INSTRUCTIONS FOR THE TASK: The answer is a number and only a number: how many lines of the data include the string "Outport"?

(Data items)
==================================================

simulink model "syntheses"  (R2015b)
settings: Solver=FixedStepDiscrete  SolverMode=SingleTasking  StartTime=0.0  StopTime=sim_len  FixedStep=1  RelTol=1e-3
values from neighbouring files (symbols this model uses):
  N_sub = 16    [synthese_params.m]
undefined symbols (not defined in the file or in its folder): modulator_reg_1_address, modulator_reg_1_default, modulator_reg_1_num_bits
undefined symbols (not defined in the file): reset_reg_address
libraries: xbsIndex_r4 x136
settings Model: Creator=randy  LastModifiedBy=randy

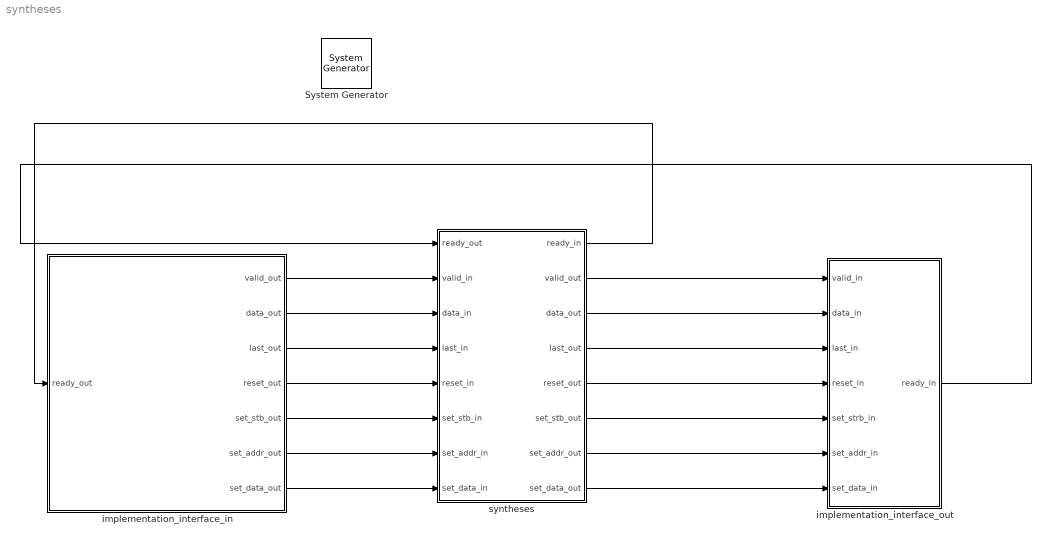
== system syntheses ==
  " System Generator" : xbsIndex_r4/ System Generator  Tag=genX  xilinxfamily=kintex7  part=xc7k410t  speed=-2  package=ffg900  synthesis_tool=Vivado  clock_wrapper=Clock Enables  directory=./checkpoint  proj_type=Vivado  Synth_file=Vivado Synthesis Defaults  Impl_file=Vivado Implementation Defaults  testbench=off  simulink_period=1  sysclk_period=5  dcm_input_clock_period=10  incr_netlist=off  trim_vbits=Everywhere in SubSystem  dbl_ovrd=According to Block Masks  core_generation=According to Block Masks  run_coregen=off  deprecated_control=off  eval_field=0  block_type=sysgen
  implementation_interface_in : Subsystem
  implementation_interface_out : Subsystem
  syntheses : Subsystem
  wires:
  implementation_interface_in/1(valid_out) -> syntheses/2(valid_in)
  implementation_interface_in/2(data_out) -> syntheses/3(data_in)
  implementation_interface_in/3(last_out) -> syntheses/4(last_in)
  syntheses/1(ready_in) -> implementation_interface_in/1(ready_out)
  syntheses/2(valid_out) -> implementation_interface_out/1(valid_in)
  syntheses/3(data_out) -> implementation_interface_out/2(data_in)
  syntheses/4(last_out) -> implementation_interface_out/3(last_in)
  implementation_interface_out/1(ready_in) -> syntheses/1(ready_out)
  implementation_interface_in/4(reset_out) -> syntheses/5(reset_in)
  implementation_interface_in/5(set_stb_out) -> syntheses/6(set_stb_in)
  implementation_interface_in/6(set_addr_out) -> syntheses/7(set_addr_in)
  implementation_interface_in/7(set_data_out) -> syntheses/8(set_data_in)
  syntheses/5(reset_out) -> implementation_interface_out/4(reset_in)
  syntheses/6(set_stb_out) -> implementation_interface_out/5(set_strb_in)
  syntheses/7(set_addr_out) -> implementation_interface_out/6(set_addr_in)
  syntheses/8(set_data_out) -> implementation_interface_out/7(set_data_in)

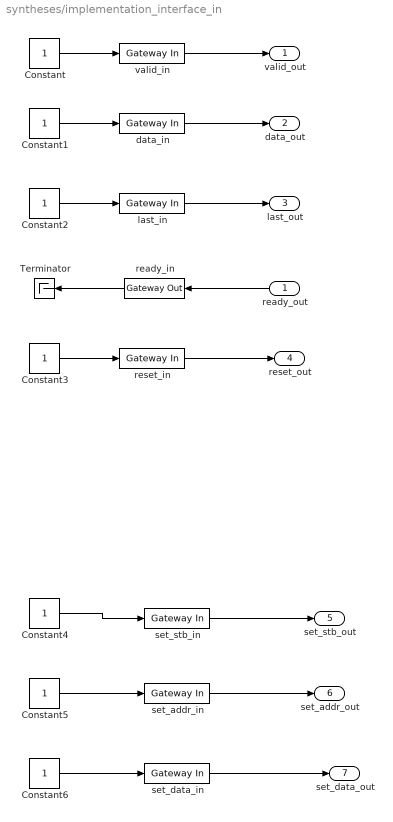
== system syntheses/implementation_interface_in ==
  ready_out : Inport
  Constant{,1..6} (7 alike) : Constant
  Terminator : Terminator
  data_in : xbsIndex_r4/Gateway In  gui_display_data_type=Fixed-point  arith_type=Unsigned  n_bits=32  bin_pt=0  preci_type=Single  exp_width=8  frac_width=24  rows=1  columns=1  quantization="Round  (unbiased: +/- Inf)"  overflow=Saturate  period=1  UseAsADC=off  ADCChannel='1'  interface=None  automatic_assignment=on  address_offset=hex2dec('00')  intf_name=''  intf_description=''  timing_constraint=None  locs_specified=off  LOCs={}  io_standard={}  inherit_from_input=off  hdl_port=on  dbl_ovrd=off  block_type=gatewayin
  last_in : xbsIndex_r4/Gateway In  gui_display_data_type=Boolean  arith_type=Boolean  n_bits=16  bin_pt=14  preci_type=Single  exp_width=8  frac_width=24  rows=1  columns=1  quantization="Round  (unbiased: +/- Inf)"  overflow=Saturate  period=1  UseAsADC=off  ADCChannel='1'  interface=None  automatic_assignment=on  address_offset=hex2dec('00')  intf_name=''  intf_description=''  timing_constraint=None  locs_specified=off  LOCs={}  io_standard={}  inherit_from_input=off  hdl_port=on  dbl_ovrd=off  block_type=gatewayin
  ready_in : xbsIndex_r4/Gateway Out  inherit_from_input=off  hdl_port=on  rows=1  columns=1  UseAsDAC=off  DACChannel='1'  interface=None  automatic_assignment=on  address_offset=hex2dec('00')  intf_name=''  intf_description=''  timing_constraint=None  locs_specified=off  LOCs={}  io_standard={}  block_type=gatewayout
  reset_in : xbsIndex_r4/Gateway In  gui_display_data_type=Boolean  arith_type=Boolean  n_bits=16  bin_pt=14  preci_type=Single  exp_width=8  frac_width=24  rows=1  columns=1  quantization="Round  (unbiased: +/- Inf)"  overflow=Saturate  period=1  UseAsADC=off  ADCChannel='1'  interface=None  automatic_assignment=on  address_offset=hex2dec('00')  intf_name=''  intf_description=''  timing_constraint=None  locs_specified=off  LOCs={}  io_standard={}  inherit_from_input=off  hdl_port=on  dbl_ovrd=off  block_type=gatewayin
  set_addr_in : xbsIndex_r4/Gateway In  gui_display_data_type=Fixed-point  arith_type=Unsigned  n_bits=8  bin_pt=0  preci_type=Single  exp_width=8  frac_width=24  rows=1  columns=1  quantization="Round  (unbiased: +/- Inf)"  overflow=Saturate  period=1  UseAsADC=off  ADCChannel='1'  interface=None  automatic_assignment=on  address_offset=hex2dec('00')  intf_name=''  intf_description=''  timing_constraint=None  locs_specified=off  LOCs={}  io_standard={}  inherit_from_input=off  hdl_port=on  dbl_ovrd=off  block_type=gatewayin
  set_data_in : xbsIndex_r4/Gateway In  gui_display_data_type=Fixed-point  arith_type=Unsigned  n_bits=32  bin_pt=0  preci_type=Single  exp_width=8  frac_width=24  rows=1  columns=1  quantization="Round  (unbiased: +/- Inf)"  overflow=Saturate  period=1  UseAsADC=off  ADCChannel='1'  interface=None  automatic_assignment=on  address_offset=hex2dec('00')  intf_name=''  intf_description=''  timing_constraint=None  locs_specified=off  LOCs={}  io_standard={}  inherit_from_input=off  hdl_port=on  dbl_ovrd=off  block_type=gatewayin
  set_stb_in : xbsIndex_r4/Gateway In  gui_display_data_type=Boolean  arith_type=Boolean  n_bits=16  bin_pt=14  preci_type=Single  exp_width=8  frac_width=24  rows=1  columns=1  quantization="Round  (unbiased: +/- Inf)"  overflow=Saturate  period=1  UseAsADC=off  ADCChannel='1'  interface=None  automatic_assignment=on  address_offset=hex2dec('00')  intf_name=''  intf_description=''  timing_constraint=None  locs_specified=off  LOCs={}  io_standard={}  inherit_from_input=off  hdl_port=on  dbl_ovrd=off  block_type=gatewayin
  valid_in : xbsIndex_r4/Gateway In  gui_display_data_type=Boolean  arith_type=Boolean  n_bits=16  bin_pt=14  preci_type=Single  exp_width=8  frac_width=24  rows=1  columns=1  quantization="Round  (unbiased: +/- Inf)"  overflow=Saturate  period=1  UseAsADC=off  ADCChannel='1'  interface=None  automatic_assignment=on  address_offset=hex2dec('00')  intf_name=''  intf_description=''  timing_constraint=None  locs_specified=off  LOCs={}  io_standard={}  inherit_from_input=off  hdl_port=on  dbl_ovrd=off  block_type=gatewayin
  valid_out : Outport
  data_out : Outport  Port=2
  last_out : Outport  Port=3
  reset_out : Outport  Port=4
  set_stb_out : Outport  Port=5
  set_addr_out : Outport  Port=6
  set_data_out : Outport  Port=7
  wires:
  set_stb_in/1 -> set_stb_out/1
  set_addr_in/1 -> set_addr_out/1
  set_data_in/1 -> set_data_out/1
  reset_in/1 -> reset_out/1
  ready_out/1 -> ready_in/1
  last_in/1 -> last_out/1
  data_in/1 -> data_out/1
  valid_in/1 -> valid_out/1
  ready_in/1 -> Terminator/1
  Constant/1 -> valid_in/1
  Constant1/1 -> data_in/1
  Constant3/1 -> reset_in/1
  Constant2/1 -> last_in/1
  Constant4/1 -> set_stb_in/1
  Constant5/1 -> set_addr_in/1
  Constant6/1 -> set_data_in/1

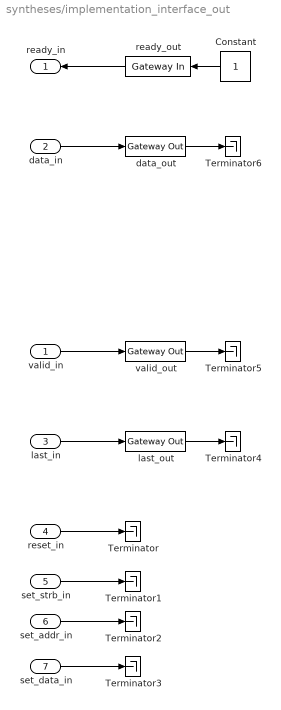
== system syntheses/implementation_interface_out ==
  valid_in : Inport
  data_in : Inport  Port=2
  last_in : Inport  Port=3
  reset_in : Inport  Port=4
  set_strb_in : Inport  Port=5
  set_addr_in : Inport  Port=6
  set_data_in : Inport  Port=7
  Constant : Constant
  Terminator{,1..6} (7 alike) : Terminator
  data_out : xbsIndex_r4/Gateway Out  inherit_from_input=off  hdl_port=on  rows=1  columns=1  UseAsDAC=off  DACChannel='1'  interface=None  automatic_assignment=on  address_offset=hex2dec('00')  intf_name=''  intf_description=''  timing_constraint=None  locs_specified=off  LOCs={}  io_standard={}  block_type=gatewayout
  last_out : xbsIndex_r4/Gateway Out  inherit_from_input=off  hdl_port=on  rows=1  columns=1  UseAsDAC=off  DACChannel='1'  interface=None  automatic_assignment=on  address_offset=hex2dec('00')  intf_name=''  intf_description=''  timing_constraint=None  locs_specified=off  LOCs={}  io_standard={}  block_type=gatewayout
  ready_out : xbsIndex_r4/Gateway In  gui_display_data_type=Boolean  arith_type=Boolean  n_bits=16  bin_pt=14  preci_type=Single  exp_width=8  frac_width=24  rows=1  columns=1  quantization="Round  (unbiased: +/- Inf)"  overflow=Saturate  period=1  UseAsADC=off  ADCChannel='1'  interface=None  automatic_assignment=on  address_offset=hex2dec('00')  intf_name=''  intf_description=''  timing_constraint=None  locs_specified=off  LOCs={}  io_standard={}  inherit_from_input=off  hdl_port=on  dbl_ovrd=off  block_type=gatewayin
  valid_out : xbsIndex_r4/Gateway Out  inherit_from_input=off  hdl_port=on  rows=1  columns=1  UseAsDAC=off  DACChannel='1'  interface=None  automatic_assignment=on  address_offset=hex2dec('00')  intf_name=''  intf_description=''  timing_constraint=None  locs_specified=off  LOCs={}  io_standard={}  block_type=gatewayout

==================================================

REPLY: 7